◆ Supplied data ◆
# # # #
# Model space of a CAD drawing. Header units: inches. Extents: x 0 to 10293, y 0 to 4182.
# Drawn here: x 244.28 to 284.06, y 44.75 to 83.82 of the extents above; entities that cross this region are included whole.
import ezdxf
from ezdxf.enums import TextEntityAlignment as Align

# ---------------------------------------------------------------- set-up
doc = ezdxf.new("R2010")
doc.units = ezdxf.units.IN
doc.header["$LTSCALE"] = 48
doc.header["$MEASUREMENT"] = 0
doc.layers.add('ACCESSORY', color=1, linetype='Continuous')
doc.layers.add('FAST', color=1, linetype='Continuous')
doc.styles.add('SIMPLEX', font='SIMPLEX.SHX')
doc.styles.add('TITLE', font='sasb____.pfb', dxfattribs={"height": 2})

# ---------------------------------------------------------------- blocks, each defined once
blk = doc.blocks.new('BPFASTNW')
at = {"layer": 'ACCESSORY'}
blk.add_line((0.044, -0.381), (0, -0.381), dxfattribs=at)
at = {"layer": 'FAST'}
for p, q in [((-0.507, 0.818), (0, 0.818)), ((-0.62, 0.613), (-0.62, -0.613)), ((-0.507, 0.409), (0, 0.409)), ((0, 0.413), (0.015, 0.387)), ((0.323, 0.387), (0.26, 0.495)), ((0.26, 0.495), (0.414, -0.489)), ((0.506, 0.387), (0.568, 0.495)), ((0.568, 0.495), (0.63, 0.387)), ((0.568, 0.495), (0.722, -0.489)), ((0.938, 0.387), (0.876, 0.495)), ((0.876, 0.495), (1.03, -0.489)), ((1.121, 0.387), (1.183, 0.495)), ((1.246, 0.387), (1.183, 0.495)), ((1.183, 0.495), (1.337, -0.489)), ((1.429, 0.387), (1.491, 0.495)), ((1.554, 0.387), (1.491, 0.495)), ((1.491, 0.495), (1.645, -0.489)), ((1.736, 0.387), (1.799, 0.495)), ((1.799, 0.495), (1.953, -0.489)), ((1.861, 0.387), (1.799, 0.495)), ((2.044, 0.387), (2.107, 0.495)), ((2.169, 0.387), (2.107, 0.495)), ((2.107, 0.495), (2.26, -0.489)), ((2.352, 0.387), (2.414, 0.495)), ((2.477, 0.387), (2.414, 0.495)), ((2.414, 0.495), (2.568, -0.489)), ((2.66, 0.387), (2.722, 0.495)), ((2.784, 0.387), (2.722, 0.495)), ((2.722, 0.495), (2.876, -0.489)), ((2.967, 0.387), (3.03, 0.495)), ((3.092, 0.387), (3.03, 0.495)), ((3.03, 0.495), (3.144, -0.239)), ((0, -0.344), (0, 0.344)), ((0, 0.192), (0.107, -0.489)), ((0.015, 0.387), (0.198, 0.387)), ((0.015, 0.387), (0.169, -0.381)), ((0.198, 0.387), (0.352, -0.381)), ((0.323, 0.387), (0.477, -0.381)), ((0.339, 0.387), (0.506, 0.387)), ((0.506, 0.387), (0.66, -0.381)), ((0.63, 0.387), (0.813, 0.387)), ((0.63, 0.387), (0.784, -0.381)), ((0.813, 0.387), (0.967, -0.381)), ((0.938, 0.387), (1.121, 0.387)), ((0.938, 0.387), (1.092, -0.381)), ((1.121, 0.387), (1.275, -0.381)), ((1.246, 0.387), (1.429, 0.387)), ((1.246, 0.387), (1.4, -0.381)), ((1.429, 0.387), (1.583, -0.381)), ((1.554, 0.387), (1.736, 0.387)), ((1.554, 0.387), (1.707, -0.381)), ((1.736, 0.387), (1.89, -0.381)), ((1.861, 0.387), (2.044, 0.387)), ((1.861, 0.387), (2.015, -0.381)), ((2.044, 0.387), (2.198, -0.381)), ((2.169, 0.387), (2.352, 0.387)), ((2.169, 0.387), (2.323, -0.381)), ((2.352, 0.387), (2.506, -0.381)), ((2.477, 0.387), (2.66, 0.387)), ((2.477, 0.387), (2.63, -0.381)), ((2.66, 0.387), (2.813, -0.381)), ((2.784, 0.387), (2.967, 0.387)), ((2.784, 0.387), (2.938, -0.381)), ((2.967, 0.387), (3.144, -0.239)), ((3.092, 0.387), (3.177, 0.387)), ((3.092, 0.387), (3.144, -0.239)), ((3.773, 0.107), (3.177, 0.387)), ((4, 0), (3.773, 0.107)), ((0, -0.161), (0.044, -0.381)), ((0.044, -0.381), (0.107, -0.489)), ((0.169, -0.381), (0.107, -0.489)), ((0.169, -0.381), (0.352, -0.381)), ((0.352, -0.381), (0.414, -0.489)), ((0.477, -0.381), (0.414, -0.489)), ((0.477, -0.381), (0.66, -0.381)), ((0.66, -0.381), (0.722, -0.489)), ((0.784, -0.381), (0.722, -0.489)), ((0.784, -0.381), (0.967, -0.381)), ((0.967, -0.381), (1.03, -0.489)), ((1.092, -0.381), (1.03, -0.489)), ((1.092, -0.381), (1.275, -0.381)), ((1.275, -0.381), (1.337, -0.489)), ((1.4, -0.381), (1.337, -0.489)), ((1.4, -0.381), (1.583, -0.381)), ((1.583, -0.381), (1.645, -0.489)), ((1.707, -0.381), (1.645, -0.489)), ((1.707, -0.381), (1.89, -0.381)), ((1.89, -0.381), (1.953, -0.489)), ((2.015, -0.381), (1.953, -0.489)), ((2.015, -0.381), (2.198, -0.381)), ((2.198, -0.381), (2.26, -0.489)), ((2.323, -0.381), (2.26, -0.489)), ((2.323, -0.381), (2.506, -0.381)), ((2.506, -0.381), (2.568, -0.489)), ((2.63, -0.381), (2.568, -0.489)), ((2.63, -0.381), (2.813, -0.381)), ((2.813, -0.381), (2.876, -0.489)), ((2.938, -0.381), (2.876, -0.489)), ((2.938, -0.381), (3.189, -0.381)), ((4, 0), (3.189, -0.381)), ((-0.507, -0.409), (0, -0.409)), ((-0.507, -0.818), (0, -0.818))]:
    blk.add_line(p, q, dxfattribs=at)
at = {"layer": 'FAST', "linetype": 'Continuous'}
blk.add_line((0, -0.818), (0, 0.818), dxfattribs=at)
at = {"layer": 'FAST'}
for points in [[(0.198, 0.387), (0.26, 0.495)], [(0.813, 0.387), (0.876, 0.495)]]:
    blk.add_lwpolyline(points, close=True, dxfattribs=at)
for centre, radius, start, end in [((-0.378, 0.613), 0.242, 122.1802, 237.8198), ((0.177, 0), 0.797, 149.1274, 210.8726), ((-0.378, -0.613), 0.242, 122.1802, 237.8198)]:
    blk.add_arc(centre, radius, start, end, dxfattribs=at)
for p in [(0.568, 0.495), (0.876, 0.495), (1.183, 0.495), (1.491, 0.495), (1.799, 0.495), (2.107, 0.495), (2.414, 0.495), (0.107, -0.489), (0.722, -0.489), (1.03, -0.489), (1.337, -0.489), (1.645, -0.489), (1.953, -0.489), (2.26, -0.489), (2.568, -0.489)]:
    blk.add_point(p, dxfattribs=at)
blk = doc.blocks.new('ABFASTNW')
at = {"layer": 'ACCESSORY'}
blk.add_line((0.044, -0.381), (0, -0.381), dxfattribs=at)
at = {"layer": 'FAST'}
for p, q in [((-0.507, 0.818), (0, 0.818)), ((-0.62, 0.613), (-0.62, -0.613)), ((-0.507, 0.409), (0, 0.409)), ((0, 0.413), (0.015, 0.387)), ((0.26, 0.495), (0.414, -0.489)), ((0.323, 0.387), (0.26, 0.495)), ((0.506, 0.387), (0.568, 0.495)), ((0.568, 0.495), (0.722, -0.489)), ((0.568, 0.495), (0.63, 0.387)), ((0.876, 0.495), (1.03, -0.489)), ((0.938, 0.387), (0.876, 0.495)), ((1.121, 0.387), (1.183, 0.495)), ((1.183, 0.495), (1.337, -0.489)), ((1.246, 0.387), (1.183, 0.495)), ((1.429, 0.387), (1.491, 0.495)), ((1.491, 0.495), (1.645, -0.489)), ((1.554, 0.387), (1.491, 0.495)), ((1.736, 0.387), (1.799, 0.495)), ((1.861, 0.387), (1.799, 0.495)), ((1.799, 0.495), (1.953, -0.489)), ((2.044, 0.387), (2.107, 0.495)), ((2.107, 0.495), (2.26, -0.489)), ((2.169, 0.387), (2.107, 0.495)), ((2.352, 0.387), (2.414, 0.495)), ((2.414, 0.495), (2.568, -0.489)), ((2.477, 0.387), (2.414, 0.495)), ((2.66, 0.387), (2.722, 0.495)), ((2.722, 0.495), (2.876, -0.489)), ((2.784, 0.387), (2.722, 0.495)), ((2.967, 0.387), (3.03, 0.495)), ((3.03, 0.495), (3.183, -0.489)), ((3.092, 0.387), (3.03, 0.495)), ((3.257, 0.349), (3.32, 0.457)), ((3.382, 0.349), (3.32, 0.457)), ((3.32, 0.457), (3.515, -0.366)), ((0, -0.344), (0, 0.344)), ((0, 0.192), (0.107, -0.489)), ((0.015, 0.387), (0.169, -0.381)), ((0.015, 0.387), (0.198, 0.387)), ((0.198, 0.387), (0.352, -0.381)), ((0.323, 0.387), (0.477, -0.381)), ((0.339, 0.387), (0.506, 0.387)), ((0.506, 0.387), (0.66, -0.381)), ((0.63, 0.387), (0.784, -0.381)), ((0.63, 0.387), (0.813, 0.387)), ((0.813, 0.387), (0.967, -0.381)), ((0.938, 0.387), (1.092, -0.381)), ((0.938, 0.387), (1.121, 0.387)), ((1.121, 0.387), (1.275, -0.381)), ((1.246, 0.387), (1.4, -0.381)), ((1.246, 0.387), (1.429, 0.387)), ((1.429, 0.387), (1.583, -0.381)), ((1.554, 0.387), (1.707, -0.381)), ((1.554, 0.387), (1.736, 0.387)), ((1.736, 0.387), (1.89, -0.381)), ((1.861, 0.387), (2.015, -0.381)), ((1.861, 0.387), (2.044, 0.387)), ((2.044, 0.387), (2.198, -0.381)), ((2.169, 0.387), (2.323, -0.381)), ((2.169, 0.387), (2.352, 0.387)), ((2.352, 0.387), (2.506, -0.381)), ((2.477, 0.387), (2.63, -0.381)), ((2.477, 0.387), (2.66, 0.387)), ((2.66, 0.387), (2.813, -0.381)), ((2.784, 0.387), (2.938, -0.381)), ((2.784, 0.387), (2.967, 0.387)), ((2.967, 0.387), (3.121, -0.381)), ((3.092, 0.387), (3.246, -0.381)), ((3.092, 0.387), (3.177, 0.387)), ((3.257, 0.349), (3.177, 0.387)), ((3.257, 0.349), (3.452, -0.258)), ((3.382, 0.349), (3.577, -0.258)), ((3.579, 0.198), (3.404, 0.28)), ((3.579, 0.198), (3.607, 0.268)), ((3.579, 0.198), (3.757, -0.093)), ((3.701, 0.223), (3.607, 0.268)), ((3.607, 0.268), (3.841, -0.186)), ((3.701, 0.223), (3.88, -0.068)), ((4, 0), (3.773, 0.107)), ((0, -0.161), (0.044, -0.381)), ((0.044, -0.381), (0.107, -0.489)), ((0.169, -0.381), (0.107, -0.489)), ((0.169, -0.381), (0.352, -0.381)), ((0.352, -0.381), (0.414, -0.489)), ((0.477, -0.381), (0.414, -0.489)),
# # # #
◆ Problem details ◆
The result should be every line that contains "layers", copied from the entries.

◆ Worked solution ◆
doc.layers.add('ACCESSORY', color=1, linetype='Continuous')
doc.layers.add('FAST', color=1, linetype='Continuous')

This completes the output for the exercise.